====== Dataset ======

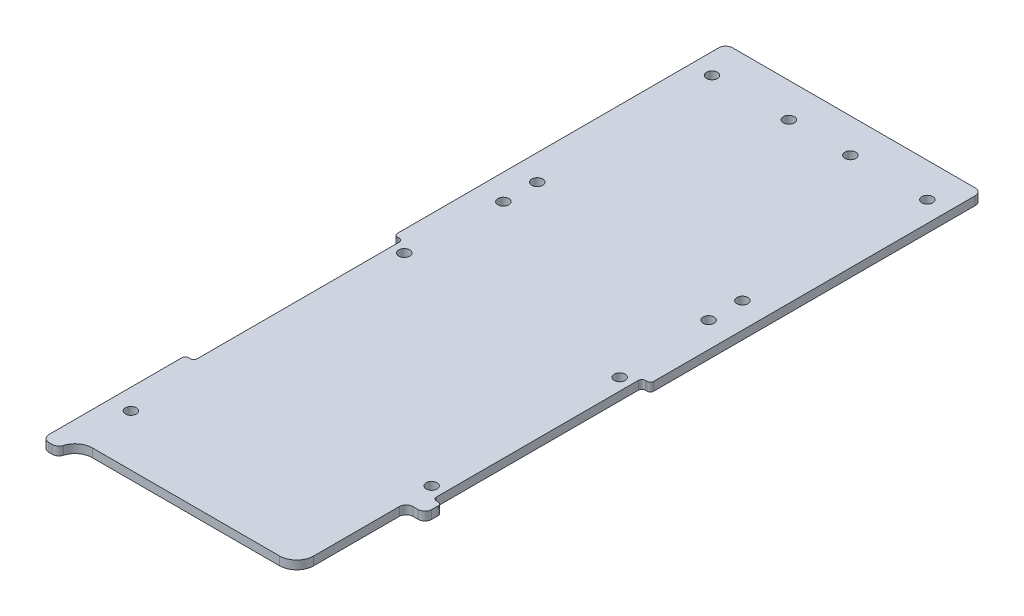
SolidWorks part; units mm, degrees
ref_plane "Front Plane" through (0, 0, 0) normal (0, 0, 1) x (1, 0, 0)
ref_plane "Top Plane" through (0, 0, 0) normal (0, 1, 0) x (1, 0, 0)
ref_plane "Right Plane" through (0, 0, 0) normal (1, 0, 0) x (0, 0, -1)
sketch "Sketch1" plane through (0, 0, 0) normal (0, 1, 0) x (1, 0, 0)
  line L0 (-39.9997, 0) -> (-39.9997, 114.3) construction
  line L1 (-47.625, 127) -> (47.625, 127)
  line L2 (-47.625, 127) -> (-47.625, -127)
  line L3 (-47.625, -127) -> (47.625, -127)
  line L4 (47.625, 127) -> (47.625, -127)
  line L5 (-47.625, 127) -> (47.625, -127) construction
  line L6 (-47.625, -127) -> (47.625, 127) construction
  line L7 (0, 0) -> (0, 127) construction
  line L8 (-39.9997, 0) -> (-39.9997, -101.6) construction
  line L9 (-39.9997, 0) -> (0, 0) construction
  line L10 (-41.275, -127) -> (-41.275, -120.65)
  line L11 (-41.275, -120.65) -> (41.275, -120.65)
  line L12 (41.275, -120.65) -> (41.275, -127)
  line L13 (-39.9997, 114.3) -> (-11.4247, 114.3) construction
  line L14 (39.9997, 114.3) -> (11.4247, 114.3) construction
  circle A0 centre (-39.9997, 114.3) radius 2.032
  circle A1 centre (-39.9997, 0) radius 2.032
  circle A2 centre (-39.9997, -101.6) radius 2.032
  circle A3 centre (39.9997, -101.6) radius 2.032
  circle A4 centre (39.9997, 0) radius 2.032
  circle A5 centre (39.9997, 114.3) radius 2.032
  circle A6 centre (-11.4247, 114.3) radius 2.032
  circle A7 centre (11.4247, 114.3) radius 2.032
  circle A8 centre (-39.9997, -69.85) radius 2.032
  circle A9 centre (39.9997, -69.85) radius 2.032
  point P0 (0, 0)
  dimension "D4" = 4.064
  dimension "D10" = 28.575
  dimension "D1" = 95.25
  dimension "D2" = 254
  dimension "D3" = 7.6253
  dimension "D5" = 12.7
  dimension "D6" = 25.4
  dimension "D7" = 6.35
  dimension "D8" = 6.35
  dimension "D9" = 6.35
  dimension "D11" = 69.85
extrude "Boss-Extrude1" add sketch "Sketch1" along normal blind 3.175 contours L4 L1 L2 L3 A4 A0 A1 A2 A3 A5 | A8 | A3 region at (0, 0, -2.6944) region at (39.9997, 0, 101.6) region at (-39.9997, 0, 69.85)
fillet "Fillet1" radius 2.54 4 edges at (-47.625, 1.5875, -127) (47.625, 1.5875, -127) (47.625, 1.5875, 127) (-47.625, 1.5875, 127)
fillet "Fillet2" radius 2.54 2 edges at (41.275, 1.5875, 127) (-41.275, 1.5875, 127)
fillet "Fillet3" radius 6.35 2 edges at (41.275, 1.5875, 120.65) (-41.275, 1.5875, 120.65)
sketch "Sketch2" plane through (0, 0, 0) normal (0, -1, 0) x (1, 0, 0)
  line L0 (41.9117, 131.8831) -> (41.9117, 109.8659) construction
  line L1 (41.9117, 109.8659) -> (41.9117, 106.3879) construction
  line L2 (41.9117, 83.271) -> (41.9117, 82.5325) construction
  line L3 (41.9117, 82.5325) -> (41.9117, 81.2514) construction
  line L4 (41.9117, 83.271) -> (41.9117, 106.3879) construction
  line L5 (41.9117, 131.8831) -> (41.9117, 109.8659)
  line L6 (41.9117, 109.8659) -> (41.9117, 106.3879)
  line L7 (41.9117, 83.271) -> (41.9117, 82.5325)
  line L8 (41.9117, 82.5325) -> (41.9117, 81.2514)
  line L9 (41.9117, 83.271) -> (41.9117, 106.3879)
  line L10 (41.9117, 81.2514) -> (47.625, 81.2514)
  line L11 (47.625, -124.46) -> (47.625, 124.46) construction
  line L12 (41.9117, 131.8831) -> (47.625, 131.8831)
  line L13 (47.625, 131.8831) -> (47.625, 81.2514)
  line L14 (40.6417, 79.9814) -> (48.895, 79.9814)
  line L15 (48.895, 133.1531) -> (48.895, 79.9814)
  line L16 (40.6417, 133.1531) -> (48.895, 133.1531)
  line L17 (40.6417, 133.1531) -> (40.6417, 109.8659)
  line L18 (40.6417, 109.8659) -> (40.6417, 106.3879)
  line L19 (40.6417, 83.271) -> (40.6417, 106.3879)
  line L20 (40.6417, 83.271) -> (40.6417, 82.5325)
  line L21 (40.6417, 82.5325) -> (40.6417, 79.9814)
  arc M7 (43.815, 127) -> (41.3809, 125.1857) centre (43.815, 124.46) ccw
  arc M8 (41.3809, 125.1857) -> (35.2956, 120.65) centre (35.2956, 127) cw
  line M18 (47.625, -124.46) -> (47.625, 124.46)
  dimension "D1" = 1.27
extrude "Cut-Extrude1" cut sketch "Sketch2" against normal through all contours L20 L21 L14 L10 L8 L7 L9 L19 M18 | L19 L9 L6 L5 L17 L18 M7 M8 | L13 L10 L8 L7 L9 L6 L5 L12 region at (41.6767, 0, 99.9811)
fillet "Fillet4" radius 6.35 1 edges at (40.6417, 1.5875, 123.5734)
fillet "Fillet5" radius 2.54 2 edges at (47.625, 1.5875, 79.9814) (40.6417, 1.5875, 79.9814)
sketch "Sketch3" plane through (0, 0, 0) normal (0, -1, 0) x (1, 0, 0)
  line L0 (-36.3088, -49.7791) -> (-39.9156, -49.7791) construction
  line L1 (-40.4236, -49.276) -> (-40.4236, -45.7043) construction
  line L2 (-35.8008, -45.7043) -> (-35.8008, -49.276) construction
  line L3 (-39.9156, -45.2013) -> (-36.3088, -45.2013) construction
  line L4 (-36.3088, -37.2027) -> (-39.9156, -37.2027) construction
  line L5 (-35.8008, -33.1279) -> (-35.8008, -36.6996) construction
  line L6 (-40.4236, -36.6996) -> (-40.4236, -33.1279) construction
  line L7 (-39.9156, -32.6249) -> (-36.3088, -32.6249) construction
  line L8 (36.2844, -32.6249) -> (39.8912, -32.6249) construction
  line L9 (40.3992, -33.1279) -> (40.3992, -36.6996) construction
  line L10 (39.8912, -37.2027) -> (36.2844, -37.2027) construction
  line L11 (35.7764, -36.6996) -> (35.7764, -33.1279) construction
  line L12 (36.2844, -45.2013) -> (39.8912, -45.2013) construction
  line L13 (35.7764, -49.276) -> (35.7764, -45.7043) construction
  line L14 (40.3992, -45.7043) -> (40.3992, -49.276) construction
  line L15 (39.8912, -49.7791) -> (36.2844, -49.7791) construction
  line L16 (-36.3088, -49.7791) -> (-39.9156, -49.7791)
  line L17 (-40.4236, -49.276) -> (-40.4236, -45.7043)
  line L18 (-35.8008, -45.7043) -> (-35.8008, -49.276)
  line L19 (-39.9156, -45.2013) -> (-36.3088, -45.2013)
  line L20 (-36.3088, -37.2027) -> (-39.9156, -37.2027)
  line L21 (-35.8008, -33.1279) -> (-35.8008, -36.6996)
  line L22 (-40.4236, -36.6996) -> (-40.4236, -33.1279)
  line L23 (-39.9156, -32.6249) -> (-36.3088, -32.6249)
  line L24 (36.2844, -32.6249) -> (39.8912, -32.6249)
  line L25 (40.3992, -33.1279) -> (40.3992, -36.6996)
  line L26 (39.8912, -37.2027) -> (36.2844, -37.2027)
  line L27 (35.7764, -36.6996) -> (35.7764, -33.1279)
  line L28 (36.2844, -45.2013) -> (39.8912, -45.2013)
  line L29 (35.7764, -49.276) -> (35.7764, -45.7043)
  line L30 (40.3992, -45.7043) -> (40.3992, -49.276)
  line L31 (39.8912, -49.7791) -> (36.2844, -49.7791)
  line L32 (-47.625, -25.836) -> (47.625, -25.836)
  line L33 (-47.625, -124.46) -> (-47.625, 124.46) construction
  line L34 (47.625, -124.46) -> (47.625, 77.4414) construction
  line L35 (0, -25.836) -> (0, -56.0686) construction
  line L38 (134.362, -51.414) -> (184.1378, -51.414)
  line L39 (184.1378, -51.414) -> (184.1378, -43.4909)
  line L40 (184.1378, -43.4909) -> (182.3344, -43.4909)
  line L41 (181.8264, -42.9878) -> (181.8264, -39.4161)
  line L42 (182.3344, -38.9131) -> (184.1378, -38.9131)
  line L43 (184.1378, -38.9131) -> (184.1378, -30.9899)
  line L44 (184.1378, -30.9899) -> (134.362, -30.9899)
  line L45 (134.362, -30.9899) -> (133.3378, -32.0042)
  line L46 (133.3378, -32.0042) -> (132.3136, -30.9899)
  line L47 (132.3136, -30.9899) -> (70.862, -30.9899)
  line L48 (70.862, -30.9899) -> (69.8378, -32.0042)
  line L49 (69.8378, -32.0042) -> (68.8136, -30.9899)
  line L50 (68.8136, -30.9899) -> (7.362, -30.9899)
  line L51 (7.362, -30.9899) -> (6.3378, -32.0042)
  line L52 (6.3378, -32.0042) -> (5.3136, -30.9899)
  line L53 (5.3136, -30.9899) -> (-56.138, -30.9899)
  line L54 (-56.138, -30.9899) -> (-57.1622, -32.0042)
  line L55 (-57.1622, -32.0042) -> (-58.1864, -30.9899)
  line L56 (-58.1864, -30.9899) -> (-119.638, -30.9899)
  line L57 (-119.638, -30.9899) -> (-120.6622, -32.0042)
  line L58 (-120.6622, -32.0042) -> (-121.6864, -30.9899)
  line L59 (-121.6864, -30.9899) -> (-184.1622, -30.9899)
  line L60 (-184.1622, -30.9899) -> (-184.1622, -51.414)
  line L61 (-184.1622, -51.414) -> (-121.6864, -51.414)
  line L62 (-121.6864, -51.414) -> (-120.6622, -50.3998)
  line L63 (-120.6622, -50.3998) -> (-119.638, -51.414)
  line L64 (-119.638, -51.414) -> (-58.1864, -51.414)
  line L65 (-58.1864, -51.414) -> (-57.1622, -50.3998)
  line L66 (-57.1622, -50.3998) -> (-56.138, -51.414)
  line L67 (-56.138, -51.414) -> (5.3136, -51.414)
  line L68 (5.3136, -51.414) -> (6.3378, -50.3998)
  line L69 (6.3378, -50.3998) -> (7.362, -51.414)
  line L70 (7.362, -51.414) -> (68.8136, -51.414)
  line L71 (68.8136, -51.414) -> (69.8378, -50.3998)
  line L72 (69.8378, -50.3998) -> (70.862, -51.414)
  line L73 (70.862, -51.414) -> (132.3136, -51.414)
  line L74 (132.3136, -51.414) -> (133.3378, -50.3998)
  line L75 (133.3378, -50.3998) -> (134.362, -51.414)
  line L76 (134.362, -51.414) -> (184.1378, -51.414)
  line L77 (184.1378, -51.414) -> (184.1378, -43.4909)
  line L78 (184.1378, -43.4909) -> (182.3344, -43.4909)
  line L79 (181.8264, -42.9878) -> (181.8264, -39.4161)
  line L80 (182.3344, -38.9131) -> (184.1378, -38.9131)
  line L81 (184.1378, -38.9131) -> (184.1378, -30.9899)
  line L82 (184.1378, -30.9899) -> (134.362, -30.9899)
  line L83 (134.362, -30.9899) -> (133.3378, -32.0042)
  line L84 (133.3378, -32.0042) -> (132.3136, -30.9899)
  line L85 (132.3136, -30.9899) -> (70.862, -30.9899)
  line L86 (70.862, -30.9899) -> (69.8378, -32.0042)
  line L87 (69.8378, -32.0042) -> (68.8136, -30.9899)
  line L88 (68.8136, -30.9899) -> (7.362, -30.9899)
  line L89 (7.362, -30.9899) -> (6.3378, -32.0042)
  line L90 (6.3378, -32.0042) -> (5.3136, -30.9899)
  line L91 (5.3136, -30.9899) -> (-56.138, -30.9899)
  line L92 (-56.138, -30.9899) -> (-57.1622, -32.0042)
  line L93 (-57.1622, -32.0042) -> (-58.1864, -30.9899)
  line L94 (-58.1864, -30.9899) -> (-119.638, -30.9899)
  line L95 (-119.638, -30.9899) -> (-120.6622, -32.0042)
  line L96 (-120.6622, -32.0042) -> (-121.6864, -30.9899)
  line L97 (-121.6864, -30.9899) -> (-184.1622, -30.9899)
  line L98 (-184.1622, -30.9899) -> (-184.1622, -51.414)
  line L99 (-184.1622, -51.414) -> (-121.6864, -51.414)
  line L100 (-121.6864, -51.414) -> (-120.6622, -50.3998)
  line L101 (-120.6622, -50.3998) -> (-119.638, -51.414)
  line L102 (-119.638, -51.414) -> (-58.1864, -51.414)
  line L103 (-58.1864, -51.414) -> (-57.1622, -50.3998)
  line L104 (-57.1622, -50.3998) -> (-56.138, -51.414)
  line L105 (-56.138, -51.414) -> (5.3136, -51.414)
  line L106 (5.3136, -51.414) -> (6.3378, -50.3998)
  line L107 (6.3378, -50.3998) -> (7.362, -51.414)
  line L108 (7.362, -51.414) -> (68.8136, -51.414)
  line L109 (68.8136, -51.414) -> (69.8378, -50.3998)
  line L110 (69.8378, -50.3998) -> (70.862, -51.414)
  line L111 (70.862, -51.414) -> (132.3136, -51.414)
  line L112 (132.3136, -51.414) -> (133.3378, -50.3998)
  line L113 (133.3378, -50.3998) -> (134.362, -51.414)
  line L1362 (-40.4236, -34.9138) -> (-35.8008, -34.9138)
  line L1857 (-38.1122, -32.6249) -> (-38.1122, -37.2027)
  line L1858 (-38.1122, -45.2013) -> (-38.1122, -49.7791)
  line L1859 (-40.4236, -47.4902) -> (-35.8008, -47.4902)
  circle A0 centre (-38.1122, -34.9138) radius 2.032
  circle A1 centre (-38.1122, -47.4902) radius 2.032
  circle A2 centre (38.1122, -47.4902) radius 2.032
  circle A3 centre (38.1122, -34.9138) radius 2.032
  ellipse E0 centre (-39.9156, -45.7043) end of major axis (-39.4076, -45.7043) minor radius 0.5031 (-39.9156, -45.2013) -> (-40.4236, -45.7043) ccw construction
  ellipse E1 centre (-39.9156, -49.276) end of major axis (-39.4076, -49.276) minor radius 0.5031 (-40.4236, -49.276) -> (-39.9156, -49.7791) ccw construction
  ellipse E2 centre (182.3344, -42.9878) end of major axis (182.8424, -42.9878) minor radius 0.5031 (181.8264, -42.9878) -> (182.3344, -43.4909) ccw
  ellipse E3 centre (182.3344, -39.4161) end of major axis (182.8424, -39.4161) minor radius 0.5031 (182.3344, -38.9131) -> (181.8264, -39.4161) ccw
  ellipse E4 centre (182.3344, -42.9878) end of major axis (182.8424, -42.9878) minor radius 0.5031 (181.8264, -42.9878) -> (182.3344, -43.4909) ccw
  ellipse E5 centre (182.3344, -39.4161) end of major axis (182.8424, -39.4161) minor radius 0.5031 (182.3344, -38.9131) -> (181.8264, -39.4161) ccw
  ellipse E6 centre (-36.3088, -49.276) end of major axis (-35.8008, -49.276) minor radius 0.5031 (-36.3088, -49.7791) -> (-35.8008, -49.276) ccw construction
  ellipse E7 centre (-36.3088, -45.7043) end of major axis (-35.8008, -45.7043) minor radius 0.5031 (-35.8008, -45.7043) -> (-36.3088, -45.2013) ccw construction
  ellipse E8 centre (-39.9156, -36.6996) end of major axis (-39.4076, -36.6996) minor radius 0.5031 (-40.4236, -36.6996) -> (-39.9156, -37.2027) ccw construction
  ellipse E9 centre (-36.3088, -36.6996) end of major axis (-35.8008, -36.6996) minor radius 0.5031 (-36.3088, -37.2027) -> (-35.8008, -36.6996) ccw construction
  ellipse E10 centre (-36.3088, -33.1279) end of major axis (-35.8008, -33.1279) minor radius 0.5031 (-35.8008, -33.1279) -> (-36.3088, -32.6249) ccw construction
  ellipse E11 centre (-39.9156, -33.1279) end of major axis (-39.4076, -33.1279) minor radius 0.5031 (-39.9156, -32.6249) -> (-40.4236, -33.1279) ccw construction
  ellipse E12 centre (39.8912, -33.1279) end of major axis (40.3992, -33.1279) minor radius 0.5031 (40.3992, -33.1279) -> (39.8912, -32.6249) ccw construction
  ellipse E13 centre (36.2844, -33.1279) end of major axis (36.7924, -33.1279) minor radius 0.5031 (36.2844, -32.6249) -> (35.7764, -33.1279) ccw construction
  ellipse E14 centre (39.8912, -36.6996) end of major axis (40.3992, -36.6996) minor radius 0.5031 (39.8912, -37.2027) -> (40.3992, -36.6996) ccw construction
  ellipse E15 centre (36.2844, -36.6996) end of major axis (36.7924, -36.6996) minor radius 0.5031 (35.7764, -36.6996) -> (36.2844, -37.2027) ccw construction
  ellipse E16 centre (36.2844, -45.7043) end of major axis (36.7924, -45.7043) minor radius 0.5031 (36.2844, -45.2013) -> (35.7764, -45.7043) ccw construction
  ellipse E17 centre (36.2844, -49.276) end of major axis (36.7924, -49.276) minor radius 0.5031 (35.7764, -49.276) -> (36.2844, -49.7791) ccw construction
  ellipse E18 centre (39.8912, -45.7043) end of major axis (40.3992, -45.7043) minor radius 0.5031 (40.3992, -45.7043) -> (39.8912, -45.2013) ccw construction
  ellipse E19 centre (39.8912, -49.276) end of major axis (40.3992, -49.276) minor radius 0.5031 (39.8912, -49.7791) -> (40.3992, -49.276) ccw construction
  ellipse E20 centre (-39.9156, -45.7043) end of major axis (-39.4076, -45.7043) minor radius 0.5031 (-39.9156, -45.2013) -> (-40.4236, -45.7043) ccw
  ellipse E21 centre (-39.9156, -49.276) end of major axis (-39.4076, -49.276) minor radius 0.5031 (-40.4236, -49.276) -> (-39.9156, -49.7791) ccw
  ellipse E22 centre (-36.3088, -49.276) end of major axis (-35.8008, -49.276) minor radius 0.5031 (-36.3088, -49.7791) -> (-35.8008, -49.276) ccw
  ellipse E23 centre (-36.3088, -45.7043) end of major axis (-35.8008, -45.7043) minor radius 0.5031 (-35.8008, -45.7043) -> (-36.3088, -45.2013) ccw
  ellipse E24 centre (-39.9156, -36.6996) end of major axis (-39.4076, -36.6996) minor radius 0.5031 (-40.4236, -36.6996) -> (-39.9156, -37.2027) ccw
  ellipse E25 centre (-36.3088, -36.6996) end of major axis (-35.8008, -36.6996) minor radius 0.5031 (-36.3088, -37.2027) -> (-35.8008, -36.6996) ccw
  ellipse E26 centre (-36.3088, -33.1279) end of major axis (-35.8008, -33.1279) minor radius 0.5031 (-35.8008, -33.1279) -> (-36.3088, -32.6249) ccw
  ellipse E27 centre (-39.9156, -33.1279) end of major axis (-39.4076, -33.1279) minor radius 0.5031 (-39.9156, -32.6249) -> (-40.4236, -33.1279) ccw
  ellipse E28 centre (39.8912, -33.1279) end of major axis (40.3992, -33.1279) minor radius 0.5031 (40.3992, -33.1279) -> (39.8912, -32.6249) ccw
  ellipse E29 centre (36.2844, -33.1279) end of major axis (36.7924, -33.1279) minor radius 0.5031 (36.2844, -32.6249) -> (35.7764, -33.1279) ccw
  ellipse E30 centre (39.8912, -36.6996) end of major axis (40.3992, -36.6996) minor radius 0.5031 (39.8912, -37.2027) -> (40.3992, -36.6996) ccw
  ellipse E31 centre (36.2844, -36.6996) end of major axis (36.7924, -36.6996) minor radius 0.5031 (35.7764, -36.6996) -> (36.2844, -37.2027) ccw
  ellipse E32 centre (36.2844, -45.7043) end of major axis (36.7924, -45.7043) minor radius 0.5031 (36.2844, -45.2013) -> (35.7764, -45.7043) ccw
  ellipse E33 centre (36.2844, -49.276) end of major axis (36.7924, -49.276) minor radius 0.5031 (35.7764, -49.276) -> (36.2844, -49.7791) ccw
  ellipse E34 centre (39.8912, -45.7043) end of major axis (40.3992, -45.7043) minor radius 0.5031 (40.3992, -45.7043) -> (39.8912, -45.2013) ccw
  ellipse E35 centre (39.8912, -49.276) end of major axis (40.3992, -49.276) minor radius 0.5031 (39.8912, -49.7791) -> (40.3992, -49.276) ccw
  dimension "D2" = 4.064
  dimension "D1" = 0
extrude "Cut-Extrude2" cut sketch "Sketch3" against normal through all contours A0 | A1 | A2 | A3
sketch "Sketch4" plane through (0, 3.175, 0) normal (0, 1, 0) x (1, 0, 0)
  line L0 (-44.45, 3.81) -> (-46.99, 3.81) construction
  line L1 (-46.99, 3.81) -> (-46.99, 121.92) construction
  line L2 (-42.545, 126.365) -> (-0.635, 126.365) construction
  line L3 (-0.635, 126.365) -> (-0.635, 107.95) construction
  line L4 (-6.35, 102.235) -> (-15.875, 102.235) construction
  line L5 (-22.86, 95.25) -> (-22.86, -115.57) construction
  line L6 (-27.305, -120.015) -> (-35.4551, -120.015) construction
  line L7 (-43.815, -126.365) -> (-45.085, -126.365) construction
  line L8 (-46.99, -124.46) -> (-46.99, -73.7819) construction
  line L9 (-46.99, -73.7819) -> (-44.45, -73.7819) construction
  line L10 (-44.45, -73.7819) -> (-44.45, 3.81) construction
  line L11 (-46.99, 3.81) -> (-44.45, 3.81)
  line L12 (-46.99, 121.92) -> (-46.99, 3.81)
  line L13 (-0.635, 126.365) -> (-42.545, 126.365)
  line L14 (-0.635, 107.95) -> (-0.635, 126.365)
  line L15 (-15.875, 102.235) -> (-6.35, 102.235)
  line L16 (-22.86, -115.57) -> (-22.86, 95.25)
  line L17 (-35.4551, -120.015) -> (-27.305, -120.015)
  line L18 (-45.085, -126.365) -> (-43.815, -126.365)
  line L19 (-46.99, -73.7819) -> (-46.99, -124.46)
  line L20 (-44.45, -73.7819) -> (-46.99, -73.7819)
  line L21 (-44.45, 3.81) -> (-44.45, -73.7819)
  line L22 (-46.99, 3.81) -> (-44.45, 3.81)
  line L23 (-46.99, 121.92) -> (-46.99, 3.81)
  line L24 (-0.635, 126.365) -> (-42.545, 126.365)
  line L25 (-0.635, 107.95) -> (-0.635, 126.365)
  line L26 (-15.875, 102.235) -> (-6.35, 102.235)
  line L27 (-22.86, -115.57) -> (-22.86, 95.25)
  line L28 (-35.4551, -120.015) -> (-27.305, -120.015)
  line L29 (-45.085, -126.365) -> (-43.815, -126.365)
  line L30 (-46.99, -73.7819) -> (-46.99, -124.46)
  line L31 (-44.45, -73.7819) -> (-46.99, -73.7819)
  line L32 (-44.45, 3.81) -> (-44.45, -73.7819)
  line L33 (40.64, -77.5286) -> (40.64, -117.0408) construction
  line L34 (35.4551, -120.015) -> (27.305, -120.015) construction
  line L35 (22.86, -115.57) -> (22.86, 95.25) construction
  line L36 (15.875, 102.235) -> (6.35, 102.235) construction
  line L37 (0.635, 107.95) -> (0.635, 126.365) construction
  line L38 (0.635, 126.365) -> (42.545, 126.365) construction
  line L39 (46.99, 121.92) -> (46.99, 3.81) construction
  line L40 (46.99, 3.81) -> (44.45, 3.81) construction
  line L41 (44.45, 3.81) -> (44.45, -73.7819) construction
  line L42 (44.45, -73.7819) -> (46.99, -73.7819) construction
  line L43 (46.99, -73.7819) -> (46.99, -77.5286) construction
  line L44 (46.99, -77.5286) -> (40.64, -77.5286) construction
  line L45 (-44.45, 3.81) -> (-46.99, 3.81)
  line L46 (-46.99, 3.81) -> (-46.99, 121.92)
  line L47 (-42.545, 126.365) -> (-0.635, 126.365)
  line L48 (-0.635, 126.365) -> (-0.635, 107.95)
  line L49 (-6.35, 102.235) -> (-15.875, 102.235)
  line L50 (-22.86, 95.25) -> (-22.86, -115.57)
  line L51 (-27.305, -120.015) -> (-35.4551, -120.015)
  line L52 (-43.815, -126.365) -> (-45.085, -126.365)
  line L53 (-46.99, -124.46) -> (-46.99, -73.7819)
  line L54 (-46.99, -73.7819) -> (-44.45, -73.7819)
  line L55 (-44.45, -73.7819) -> (-44.45, 3.81)
  line L56 (40.64, -77.5286) -> (40.64, -117.0408)
  line L57 (35.4551, -120.015) -> (27.305, -120.015)
  line L58 (22.86, -115.57) -> (22.86, 95.25)
  line L59 (15.875, 102.235) -> (6.35, 102.235)
  line L60 (0.635, 107.95) -> (0.635, 126.365)
  line L61 (0.635, 126.365) -> (42.545, 126.365)
  line L62 (46.99, 121.92) -> (46.99, 3.81)
  line L63 (46.99, 3.81) -> (44.45, 3.81)
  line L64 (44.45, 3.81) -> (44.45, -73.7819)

======

Activity: Each line from the beginning of the entries up to and including the one containing "line L1 (-47.625, 127) -> (47.625, 127)" must be restated exactly. Pictures are to be left out.

Task result:
SolidWorks part; units mm, degrees
ref_plane "Front Plane" through (0, 0, 0) normal (0, 0, 1) x (1, 0, 0)
ref_plane "Top Plane" through (0, 0, 0) normal (0, 1, 0) x (1, 0, 0)
ref_plane "Right Plane" through (0, 0, 0) normal (1, 0, 0) x (0, 0, -1)
sketch "Sketch1" plane through (0, 0, 0) normal (0, 1, 0) x (1, 0, 0)
  line L0 (-39.9997, 0) -> (-39.9997, 114.3) construction
  line L1 (-47.625, 127) -> (47.625, 127)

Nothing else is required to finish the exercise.